Data for review>
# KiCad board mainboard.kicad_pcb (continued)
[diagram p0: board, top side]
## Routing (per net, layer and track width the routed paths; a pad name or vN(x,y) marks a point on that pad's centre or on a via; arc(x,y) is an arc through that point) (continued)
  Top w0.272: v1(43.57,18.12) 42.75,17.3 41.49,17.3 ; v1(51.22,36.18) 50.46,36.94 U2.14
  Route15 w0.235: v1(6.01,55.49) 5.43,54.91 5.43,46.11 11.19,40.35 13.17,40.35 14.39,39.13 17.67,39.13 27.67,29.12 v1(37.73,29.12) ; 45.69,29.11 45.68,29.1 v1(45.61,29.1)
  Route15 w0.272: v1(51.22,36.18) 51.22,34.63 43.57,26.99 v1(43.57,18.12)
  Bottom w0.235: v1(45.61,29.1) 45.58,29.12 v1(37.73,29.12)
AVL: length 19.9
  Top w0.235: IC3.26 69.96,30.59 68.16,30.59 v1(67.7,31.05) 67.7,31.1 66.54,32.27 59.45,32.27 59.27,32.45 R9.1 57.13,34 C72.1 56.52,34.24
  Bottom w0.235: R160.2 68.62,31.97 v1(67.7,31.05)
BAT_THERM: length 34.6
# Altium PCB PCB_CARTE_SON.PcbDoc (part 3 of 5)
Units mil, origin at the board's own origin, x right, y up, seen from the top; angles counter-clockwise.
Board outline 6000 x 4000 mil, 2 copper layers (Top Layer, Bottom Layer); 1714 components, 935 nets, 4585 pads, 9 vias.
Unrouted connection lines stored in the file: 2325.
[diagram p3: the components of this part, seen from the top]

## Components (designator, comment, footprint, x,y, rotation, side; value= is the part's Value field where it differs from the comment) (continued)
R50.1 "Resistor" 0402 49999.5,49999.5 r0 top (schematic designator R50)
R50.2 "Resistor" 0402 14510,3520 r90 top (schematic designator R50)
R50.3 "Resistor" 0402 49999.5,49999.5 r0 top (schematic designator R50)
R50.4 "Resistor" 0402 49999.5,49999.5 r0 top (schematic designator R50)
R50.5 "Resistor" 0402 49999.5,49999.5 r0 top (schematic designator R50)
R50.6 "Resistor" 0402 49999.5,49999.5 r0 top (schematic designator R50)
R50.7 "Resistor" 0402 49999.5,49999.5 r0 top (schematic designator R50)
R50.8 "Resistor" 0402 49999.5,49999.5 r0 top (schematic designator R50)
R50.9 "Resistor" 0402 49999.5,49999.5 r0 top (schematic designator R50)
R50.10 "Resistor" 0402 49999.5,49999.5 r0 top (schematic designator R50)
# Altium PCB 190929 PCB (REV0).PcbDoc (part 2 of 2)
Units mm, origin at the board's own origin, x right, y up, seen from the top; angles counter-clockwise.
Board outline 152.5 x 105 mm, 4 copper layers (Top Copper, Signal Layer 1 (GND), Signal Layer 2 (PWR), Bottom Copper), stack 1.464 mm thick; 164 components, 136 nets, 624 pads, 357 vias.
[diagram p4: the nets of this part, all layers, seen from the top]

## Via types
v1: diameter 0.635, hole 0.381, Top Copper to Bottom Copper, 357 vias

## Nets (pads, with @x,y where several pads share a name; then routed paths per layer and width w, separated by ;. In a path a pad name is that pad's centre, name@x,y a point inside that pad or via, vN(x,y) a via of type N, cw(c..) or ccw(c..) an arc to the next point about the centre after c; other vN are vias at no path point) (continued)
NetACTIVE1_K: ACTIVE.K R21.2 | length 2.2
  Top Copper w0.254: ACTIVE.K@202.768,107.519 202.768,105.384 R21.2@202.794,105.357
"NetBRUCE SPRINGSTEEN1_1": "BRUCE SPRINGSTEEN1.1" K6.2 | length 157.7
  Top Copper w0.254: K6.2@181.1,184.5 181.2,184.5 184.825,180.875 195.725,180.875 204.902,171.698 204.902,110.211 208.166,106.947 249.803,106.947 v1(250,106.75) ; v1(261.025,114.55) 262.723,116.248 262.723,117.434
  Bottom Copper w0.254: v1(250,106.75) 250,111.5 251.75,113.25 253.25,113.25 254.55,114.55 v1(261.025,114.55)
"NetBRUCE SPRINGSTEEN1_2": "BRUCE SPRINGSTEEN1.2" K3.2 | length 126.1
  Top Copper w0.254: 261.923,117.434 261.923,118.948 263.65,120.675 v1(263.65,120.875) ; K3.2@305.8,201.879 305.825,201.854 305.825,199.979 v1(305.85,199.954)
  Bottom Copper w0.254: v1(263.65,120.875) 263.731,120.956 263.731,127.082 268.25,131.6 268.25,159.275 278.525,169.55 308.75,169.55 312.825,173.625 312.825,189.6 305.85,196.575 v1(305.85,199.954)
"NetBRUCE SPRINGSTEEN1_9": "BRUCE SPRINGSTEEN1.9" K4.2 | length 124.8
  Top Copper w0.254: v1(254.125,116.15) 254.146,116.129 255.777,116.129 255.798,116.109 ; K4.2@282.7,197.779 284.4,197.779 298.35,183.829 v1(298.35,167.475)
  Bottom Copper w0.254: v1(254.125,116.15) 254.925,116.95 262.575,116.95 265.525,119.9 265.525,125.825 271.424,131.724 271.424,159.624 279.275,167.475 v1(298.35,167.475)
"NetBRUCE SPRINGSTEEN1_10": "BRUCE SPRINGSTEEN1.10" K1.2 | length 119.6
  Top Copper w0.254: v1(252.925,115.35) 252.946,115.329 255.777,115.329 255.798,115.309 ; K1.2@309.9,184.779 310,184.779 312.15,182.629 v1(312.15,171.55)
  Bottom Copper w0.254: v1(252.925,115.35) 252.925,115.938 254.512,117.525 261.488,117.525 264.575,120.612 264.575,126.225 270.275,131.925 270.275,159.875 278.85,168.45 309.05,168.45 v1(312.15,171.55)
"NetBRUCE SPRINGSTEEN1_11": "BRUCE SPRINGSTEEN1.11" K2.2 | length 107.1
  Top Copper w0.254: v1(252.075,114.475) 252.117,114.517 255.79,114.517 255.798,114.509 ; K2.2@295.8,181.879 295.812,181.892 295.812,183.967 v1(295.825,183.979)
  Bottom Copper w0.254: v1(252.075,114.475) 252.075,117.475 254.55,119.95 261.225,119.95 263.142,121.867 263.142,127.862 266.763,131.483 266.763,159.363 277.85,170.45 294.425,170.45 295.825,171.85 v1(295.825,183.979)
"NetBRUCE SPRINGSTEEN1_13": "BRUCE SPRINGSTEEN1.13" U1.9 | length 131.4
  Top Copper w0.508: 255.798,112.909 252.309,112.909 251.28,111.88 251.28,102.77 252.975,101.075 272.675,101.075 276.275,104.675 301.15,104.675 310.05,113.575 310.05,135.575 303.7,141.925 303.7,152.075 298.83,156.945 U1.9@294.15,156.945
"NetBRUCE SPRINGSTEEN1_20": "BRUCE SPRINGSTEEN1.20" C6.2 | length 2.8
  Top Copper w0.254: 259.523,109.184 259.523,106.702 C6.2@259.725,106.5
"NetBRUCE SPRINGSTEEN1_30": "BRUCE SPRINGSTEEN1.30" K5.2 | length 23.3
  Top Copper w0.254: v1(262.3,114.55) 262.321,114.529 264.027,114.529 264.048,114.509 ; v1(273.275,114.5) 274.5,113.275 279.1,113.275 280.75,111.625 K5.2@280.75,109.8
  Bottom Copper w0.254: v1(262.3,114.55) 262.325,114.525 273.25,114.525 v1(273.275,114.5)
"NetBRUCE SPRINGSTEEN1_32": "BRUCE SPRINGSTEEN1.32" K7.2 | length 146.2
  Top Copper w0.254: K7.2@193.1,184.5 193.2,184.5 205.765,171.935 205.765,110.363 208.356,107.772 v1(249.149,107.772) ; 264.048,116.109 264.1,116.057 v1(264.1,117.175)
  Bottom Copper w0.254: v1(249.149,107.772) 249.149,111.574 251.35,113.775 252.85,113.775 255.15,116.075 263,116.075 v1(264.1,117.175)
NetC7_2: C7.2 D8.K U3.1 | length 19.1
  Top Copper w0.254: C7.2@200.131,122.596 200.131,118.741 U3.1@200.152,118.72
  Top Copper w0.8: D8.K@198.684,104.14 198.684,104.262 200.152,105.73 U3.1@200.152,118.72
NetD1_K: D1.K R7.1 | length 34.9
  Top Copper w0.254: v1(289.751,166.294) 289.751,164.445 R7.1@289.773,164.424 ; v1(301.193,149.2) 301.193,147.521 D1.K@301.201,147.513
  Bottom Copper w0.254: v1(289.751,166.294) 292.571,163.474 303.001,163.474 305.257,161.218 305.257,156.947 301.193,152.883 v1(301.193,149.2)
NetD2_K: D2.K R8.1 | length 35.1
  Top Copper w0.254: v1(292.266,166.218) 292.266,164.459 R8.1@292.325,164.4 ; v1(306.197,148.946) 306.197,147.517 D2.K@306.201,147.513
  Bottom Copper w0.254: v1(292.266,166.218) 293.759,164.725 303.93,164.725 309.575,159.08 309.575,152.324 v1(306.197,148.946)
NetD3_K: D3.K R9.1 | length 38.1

Task prompt>
Take from the material every line that holds "origin".

Written answer>
Units mil, origin at the board's own origin, x right, y up, seen from the top; angles counter-clockwise.
Units mm, origin at the board's own origin, x right, y up, seen from the top; angles counter-clockwise.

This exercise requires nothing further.